Tehelka’s Cover Story in this issue is about the privacy that is at peril in cyberspace in view of the disclosure that an Israeli group used spyware to snoop on human rights activists and journalists in India. Almost at the same time, a malware attack was detected at the Kudankulam Nuclear Power Plant in Tamil Nadu through an infected device. It is an established fact that professional hackers can cause huge damage by entering the network to steal private data.
In the Israeli case, the spyware got installed on the phone with just a missed call, giving access to the phone’s operating system, compromising both privacy and security. The paradox is that WhatsApp, which was already in the dock for offering a platform for fake news, is the culprit even in this case. The fact is that the Israeli state-of-the art spyware Pegasus that was used to snoop on Human Rights activists, journalists and others can takeover an individual’s privacy.
The allegations that the governments and its agencies for snooping use spyware like Pegasus and surveillance makes the issue all the more grave. The government’s reaction to revelation by WhatsApp, which is owned by Facebook that it is suing the Israeli Company, is inadequate because privacy is in peril. It is okay to ask WhatsApp why the breach happened, but the government must answer and clear all doubts in public domain as under whose directions Indian citizens were snooped?
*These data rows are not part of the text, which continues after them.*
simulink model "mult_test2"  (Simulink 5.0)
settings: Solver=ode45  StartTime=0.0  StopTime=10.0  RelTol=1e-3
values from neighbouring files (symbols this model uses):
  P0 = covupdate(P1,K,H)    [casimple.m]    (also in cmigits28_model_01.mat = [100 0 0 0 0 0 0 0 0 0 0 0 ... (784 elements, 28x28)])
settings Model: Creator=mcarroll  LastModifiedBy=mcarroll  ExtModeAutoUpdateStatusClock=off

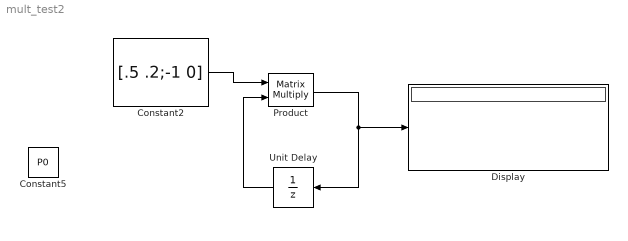
== system mult_test2 ==
  Constant2 : Constant  Value=[.5 .2;-1 0]  VectorParams1D=off
  Constant5 : Constant  Value=P0  VectorParams1D=off
  Display : Display
  Product : Product  Multiplication=Matrix(*)  SaturateOnIntegerOverflow=on
  Unit Delay : UnitDelay  Orientation=left  X0=P0
  wires:
  Constant2/1 -> Product/1
  Product/1 -> Display/1, Unit Delay/1
  Unit Delay/1 -> Product/2
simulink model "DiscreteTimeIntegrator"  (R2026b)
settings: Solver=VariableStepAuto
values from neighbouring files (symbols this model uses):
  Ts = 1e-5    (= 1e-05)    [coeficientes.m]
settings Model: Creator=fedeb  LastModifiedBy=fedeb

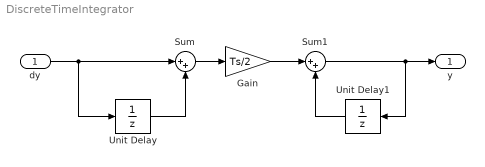
== system DiscreteTimeIntegrator ==
  dy : Inport
  Gain : Gain  Gain=Ts/2
  Sum : Sum  Inputs=|++
  Sum1 : Sum  Inputs=|++
  Unit Delay : UnitDelay  SampleTime=Ts
  Unit Delay1 : UnitDelay  SampleTime=Ts
  y : Outport
  wires:
  dy/1 -> Sum/1, Unit Delay/1
  Unit Delay/1 -> Sum/2
  Sum/1 -> Gain/1
  Gain/1 -> Sum1/1
  Sum1/1 -> Unit Delay1/1, y/1
  Unit Delay1/1 -> Sum1/2
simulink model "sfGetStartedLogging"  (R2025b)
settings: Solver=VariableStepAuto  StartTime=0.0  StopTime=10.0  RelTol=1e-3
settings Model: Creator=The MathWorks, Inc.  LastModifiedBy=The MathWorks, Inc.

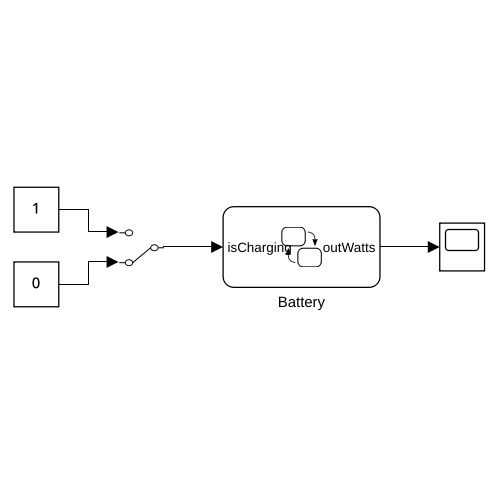
[thumbnail: Simulink's stored preview of the top-level diagram]
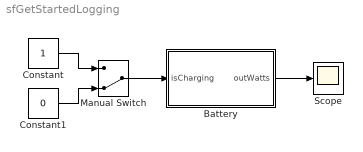
== system sfGetStartedLogging ==
  Battery : Stateflow chart  TreatAsAtomicUnit=on
  Constant : Constant
  Constant1 : Constant  Value=0
  Manual Switch : ManualSwitch  CurrentSetting=0
  Scope : Scope
      settings: ActiveDisplayYMinimum=-0.43749999999999989  ActiveDisplayYMaximum=3.9375
  wires:
  Manual Switch/1 -> Battery/1(isCharging)
  Constant/1 -> Manual Switch/1
  Constant1/1 -> Manual Switch/2
  Battery/1(outWatts) -> Scope/1

== stateflow chart sfGetStartedLogging/Battery ==
  state Charge
    entry:
    outWatts=0;
    during:
    chargePct=chargePct+4;
  state Discharge
    entry:
    outWatts=3.5;
    during:
    chargePct=chargePct-3;
  (default) -> Charge
  Charge -> Discharge : [~isCharging]
  Discharge -> Charge : [isCharging]
  data: isCharging input; outWatts output; chargePct local =50
simulink model "ASM_Traffic"  (R2026a)
settings: Solver=ode1  StartTime=SIM.tstart.v  StopTime=SIM.tend.v  FixedStep=SIM.StepSize.v
PostLoadFcn:
  | if any(exist('dsrtsu_mdlpostloadfcn', 'file') ~= 0), dsrtsu_mdlpostloadfcn('Execute', bdroot); end
  | try, asm_mdl_postloadfcn(bdroot, 'UpdateModel', 3600); catch, disp(lasterr); end,
InitFcn:
  | , if any(exist('rtifpga_mdlclblib', 'file') ~= 0), rtifpga_mdlclblib('Init', bdroot); end,
  | , if any(exist('dsmpb_private', 'file') ~= 0), dsmpb_private('dsmpb_mdlclblib', 'Init', bdroot); end,
model workspace (MAT data in the model file):
  asmReferencePath = [0 0.01 0.02 0.03 0.04 0.05 0.06 0.07 0.08 0.09 0.1 0.11 ... (350007 elements, 50001x7)]
  roadBounds : Simulink.Parameter (value not decoded)
  safetyAxes : Simulink.Parameter (value not decoded)
undefined symbols (not defined in the file): _to_, a0b2, ASM_BrakeHydraulics_DemoSystems, ASM_VehicleDynamics_DemoSystems, b98103fe8ad365046cd0, BrakeCircuit, controllerConfig, CPT, Crankshaft, DiscIntNeverNeededParam, dsmsi, FinalDriveAssembly, MDL, ModeSignals, mu, Pos_BrakePedal_Maneuver, rad, RefSignals, roadFamilyData, roadFamilyId, s_to_rpm, SIM, SoftECU, Suspension, Tire, Transmission
libraries: ASM_Traffic_lib x135, simulink x98, ASM_Utils_lib x77, ASM_VehicleDynamics_lib x70, ASM_Environment_lib x22, dsmpblib x20, dsmsilib x15, MDLD_Utils_lib x10, ASM_BrakeHydraulics_lib x3, sl_discontinuities x2
(part 10 of 65)

== system ASM_Traffic/AnimationInterface/Fellow_Doors/Select_Signals ==
  Fellow_Doors : Inport
  Bus Selector1 : BusSelector  OutputSignals=Settings.FellowVehicleDoors.Fellow1_Doors.SW_ManualControl_Doors[1Scheduler|2Manual],Settings.FellowVehicleDoors.Fellow2_Doors.SW_ManualControl_Doors[1Scheduler|2Manual],Settings.FellowVehicleDoors.Fellow3_Doors.SW_ManualControl_Doors[1Scheduler|2Manual],Settings.FellowVehicleDoors.Fellow4_Doors.SW_ManualControl_Doors[1Scheduler|2Manual],Settings.FellowVehicleDoors.Fellow5_Doors.SW_ManualControl_Doors[1Scheduler|2Manual],Settings.FellowVehicleDoors.Fellow6_Doors.SW_ManualControl_Doors[1Scheduler|2Manual],Settings.FellowVehicleDoors.Fellow7_Doors.SW_ManualControl_Doors[1Scheduler|2Manual],Settings.FellowVehicleDoors.Fellow8_Doors.SW_ManualControl_Doors[1Scheduler|2Manual],Settings.FellowVehicleDoors.Fellow9_Doors.SW_ManualControl_Doors[1Scheduler|2Manual],Settings.FellowVehicleDoors.Fellow10_Doors.SW_ManualControl_Doors[1Scheduler|2Manual],Settings.FellowVehicleDoors.Fellow11_Doors.SW_ManualControl_Doors[1Scheduler|2Manual],Settings.FellowVehicleDoors.Fellow12_Doors.SW_ManualControl_Doors[1Scheduler|2Manual],Settings.FellowVehicleDoors.Fellow13_Doors.SW_ManualControl_Doors[1Scheduler|2Manual],Settings.FellowVehicleDoors.Fellow14_Doors.SW_ManualControl_Doors[1Scheduler|2Manual],Settings.FellowVehicleDoors.Fellow15_Doors.SW_ManualControl_Doors[1Scheduler|2Manual],Settings.FellowVehicleDoors.Fellow16_Doors.SW_ManualControl_Doors[1Scheduler|2Manual],Settings.FellowVehicleDoors.Fellow17_Doors.SW_ManualControl_Doors[1Scheduler|2Manual],Settings.FellowVehicleDoors.Fellow18_Doors.SW_ManualControl_Doors[1Scheduler|2Manual],Settings.FellowVehicleDoors.Fellow19_Doors.SW_ManualControl_Doors[1Scheduler|2Manual],Settings.FellowVehicleDoors.Fellow20_Doors.SW_ManualControl_Doors[1Scheduler|2Manual],Settings.FellowVehicleDoors.Fellow21_Doors.SW_ManualControl_Doors[1Scheduler|2Manual],Settings.FellowVehicleDoors.Fellow22_Doors.SW_ManualControl_Doors[1Scheduler|2Manual],Settings.FellowVehicleDoors.Fellow23_Doors.SW_ManualControl_Doors[1Scheduler|2Manual],Settings.FellowVehicleDoors.Fellow24_Doors.SW_ManualControl_Doors[1Scheduler|2Manual],Settings.FellowVehicleDoors.Fellow25_Doors.SW_ManualControl_Doors[1Scheduler|2Manual],Settings.FellowVehicleDoors.Fellow26_Doors.SW_ManualControl_Doors[1Scheduler|2Manual],Settings.FellowVehicleDoors.Fellow27_Doors.SW_ManualControl_Doors[1Scheduler|2Manual],Settings.FellowVehicleDoors.Fellow28_Doors.SW_ManualControl_Doors[1Scheduler|2Manual],Settings.FellowVehicleDoors.Fellow29_Doors.SW_ManualControl_Doors[1Scheduler|2Manual],Settings.FellowVehicleDoors.Fellow30_Doors.SW_ManualControl_Doors[1Scheduler|2Manual]
  Bus Selector2 : BusSelector  OutputSignals=Settings.FellowVehicleDoors.Fellow1_Doors.SW_DoorFL[0Closed_1Open],Settings.FellowVehicleDoors.Fellow2_Doors.SW_DoorFL[0Closed_1Open],Settings.FellowVehicleDoors.Fellow3_Doors.SW_DoorFL[0Closed_1Open],Settings.FellowVehicleDoors.Fellow4_Doors.SW_DoorFL[0Closed_1Open],Settings.FellowVehicleDoors.Fellow5_Doors.SW_DoorFL[0Closed_1Open],Settings.FellowVehicleDoors.Fellow6_Doors.SW_DoorFL[0Closed_1Open],Settings.FellowVehicleDoors.Fellow7_Doors.SW_DoorFL[0Closed_1Open],Settings.FellowVehicleDoors.Fellow8_Doors.SW_DoorFL[0Closed_1Open],Settings.FellowVehicleDoors.Fellow9_Doors.SW_DoorFL[0Closed_1Open],Settings.FellowVehicleDoors.Fellow10_Doors.SW_DoorFL[0Closed_1Open],Settings.FellowVehicleDoors.Fellow11_Doors.SW_DoorFL[0Closed_1Open],Settings.FellowVehicleDoors.Fellow12_Doors.SW_DoorFL[0Closed_1Open],Settings.FellowVehicleDoors.Fellow13_Doors.SW_DoorFL[0Closed_1Open],Settings.FellowVehicleDoors.Fellow14_Doors.SW_DoorFL[0Closed_1Open],Settings.FellowVehicleDoors.Fellow15_Doors.SW_DoorFL[0Closed_1Open],Settings.FellowVehicleDoors.Fellow16_Doors.SW_DoorFL[0Closed_1Open],Settings.FellowVehicleDoors.Fellow17_Doors.SW_DoorFL[0Closed_1Open],Settings.FellowVehicleDoors.Fellow18_Doors.SW_DoorFL[0Closed_1Open],Settings.FellowVehicleDoors.Fellow19_Doors.SW_DoorFL[0Closed_1Open],Settings.FellowVehicleDoors.Fellow20_Doors.SW_DoorFL[0Closed_1Open],Settings.FellowVehicleDoors.Fellow21_Doors.SW_DoorFL[0Closed_1Open],Settings.FellowVehicleDoors.Fellow22_Doors.SW_DoorFL[0Closed_1Open],Settings.FellowVehicleDoors.Fellow23_Doors.SW_DoorFL[0Closed_1Open],Settings.FellowVehicleDoors.Fellow24_Doors.SW_DoorFL[0Closed_1Open],Settings.FellowVehicleDoors.Fellow25_Doors.SW_DoorFL[0Closed_1Open],Settings.FellowVehicleDoors.Fellow26_Doors.SW_DoorFL[0Closed_1Open],Settings.FellowVehicleDoors.Fellow27_Doors.SW_DoorFL[0Closed_1Open],Settings.FellowVehicleDoors.Fellow28_Doors.SW_DoorFL[0Closed_1Open],Settings.FellowVehicleDoors.Fellow29_Doors.SW_DoorFL[0Closed_1Open],Settings.FellowVehicleDoors.Fellow30_Doors.SW_DoorFL[0Closed_1Open]
  Bus Selector3 : BusSelector  OutputSignals=Settings.FellowVehicleDoors.Fellow1_Doors.SW_DoorFR[0Closed_1Open],Settings.FellowVehicleDoors.Fellow2_Doors.SW_DoorFR[0Closed_1Open],Settings.FellowVehicleDoors.Fellow3_Doors.SW_DoorFR[0Closed_1Open],Settings.FellowVehicleDoors.Fellow4_Doors.SW_DoorFR[0Closed_1Open],Settings.FellowVehicleDoors.Fellow5_Doors.SW_DoorFR[0Closed_1Open],Settings.FellowVehicleDoors.Fellow6_Doors.SW_DoorFR[0Closed_1Open],Settings.FellowVehicleDoors.Fellow7_Doors.SW_DoorFR[0Closed_1Open],Settings.FellowVehicleDoors.Fellow8_Doors.SW_DoorFR[0Closed_1Open],Settings.FellowVehicleDoors.Fellow9_Doors.SW_DoorFR[0Closed_1Open],Settings.FellowVehicleDoors.Fellow10_Doors.SW_DoorFR[0Closed_1Open],Settings.FellowVehicleDoors.Fellow11_Doors.SW_DoorFR[0Closed_1Open],Settings.FellowVehicleDoors.Fellow12_Doors.SW_DoorFR[0Closed_1Open],Settings.FellowVehicleDoors.Fellow13_Doors.SW_DoorFR[0Closed_1Open],Settings.FellowVehicleDoors.Fellow14_Doors.SW_DoorFR[0Closed_1Open],Settings.FellowVehicleDoors.Fellow15_Doors.SW_DoorFR[0Closed_1Open],Settings.FellowVehicleDoors.Fellow16_Doors.SW_DoorFR[0Closed_1Open],Settings.FellowVehicleDoors.Fellow17_Doors.SW_DoorFR[0Closed_1Open],Settings.FellowVehicleDoors.Fellow18_Doors.SW_DoorFR[0Closed_1Open],Settings.FellowVehicleDoors.Fellow19_Doors.SW_DoorFR[0Closed_1Open],Settings.FellowVehicleDoors.Fellow20_Doors.SW_DoorFR[0Closed_1Open],Settings.FellowVehicleDoors.Fellow21_Doors.SW_DoorFR[0Closed_1Open],Settings.FellowVehicleDoors.Fellow22_Doors.SW_DoorFR[0Closed_1Open],Settings.FellowVehicleDoors.Fellow23_Doors.SW_DoorFR[0Closed_1Open],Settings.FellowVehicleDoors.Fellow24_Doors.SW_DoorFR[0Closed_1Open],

The Facebook-owned instant messaging app, meanwhile, has regretted that it did not meet the “Government’s expectations for proactive engagement on these issues.” The Computer Emergency Response Team (CERT-In) had published a vulnerability note on May 17 advising countermeasures to users about a vulnerability in WhatsApp, according to Union Information and Technology Minister Ravi Shankar Prasad.
While the government has tried to shift the focus to WhatsApp, one needs to understand that WhatsApp is not the only gateway for Pegasus. NSO employs various techniques to target and take control of a user’s phones as the Google Play Store and the Apple App store have end number of apps with inherent vulnerabilities and NSO like companies could easily enter the users network to steal personal and private information. Pegasus is a state-of-the-art spyware, and NSO charges an exorbitant sum for its product and services.
The government needs to investigate who in India can afford to hire NSO and is interested in targeting select activists, lawyers and journalists, especially when NSO itself claims that it sells the software only to government agencies. The government must also explain what steps it is going to take to ensure that privacy as a right is protected. Ironically, the Israeli Company NSO says on its website that “NSO products are used exclusively by government intelligence and law enforcement agencies”, making the government itself a suspect in this snoop gate. We need strong data protection laws to ward off dangers to privacy.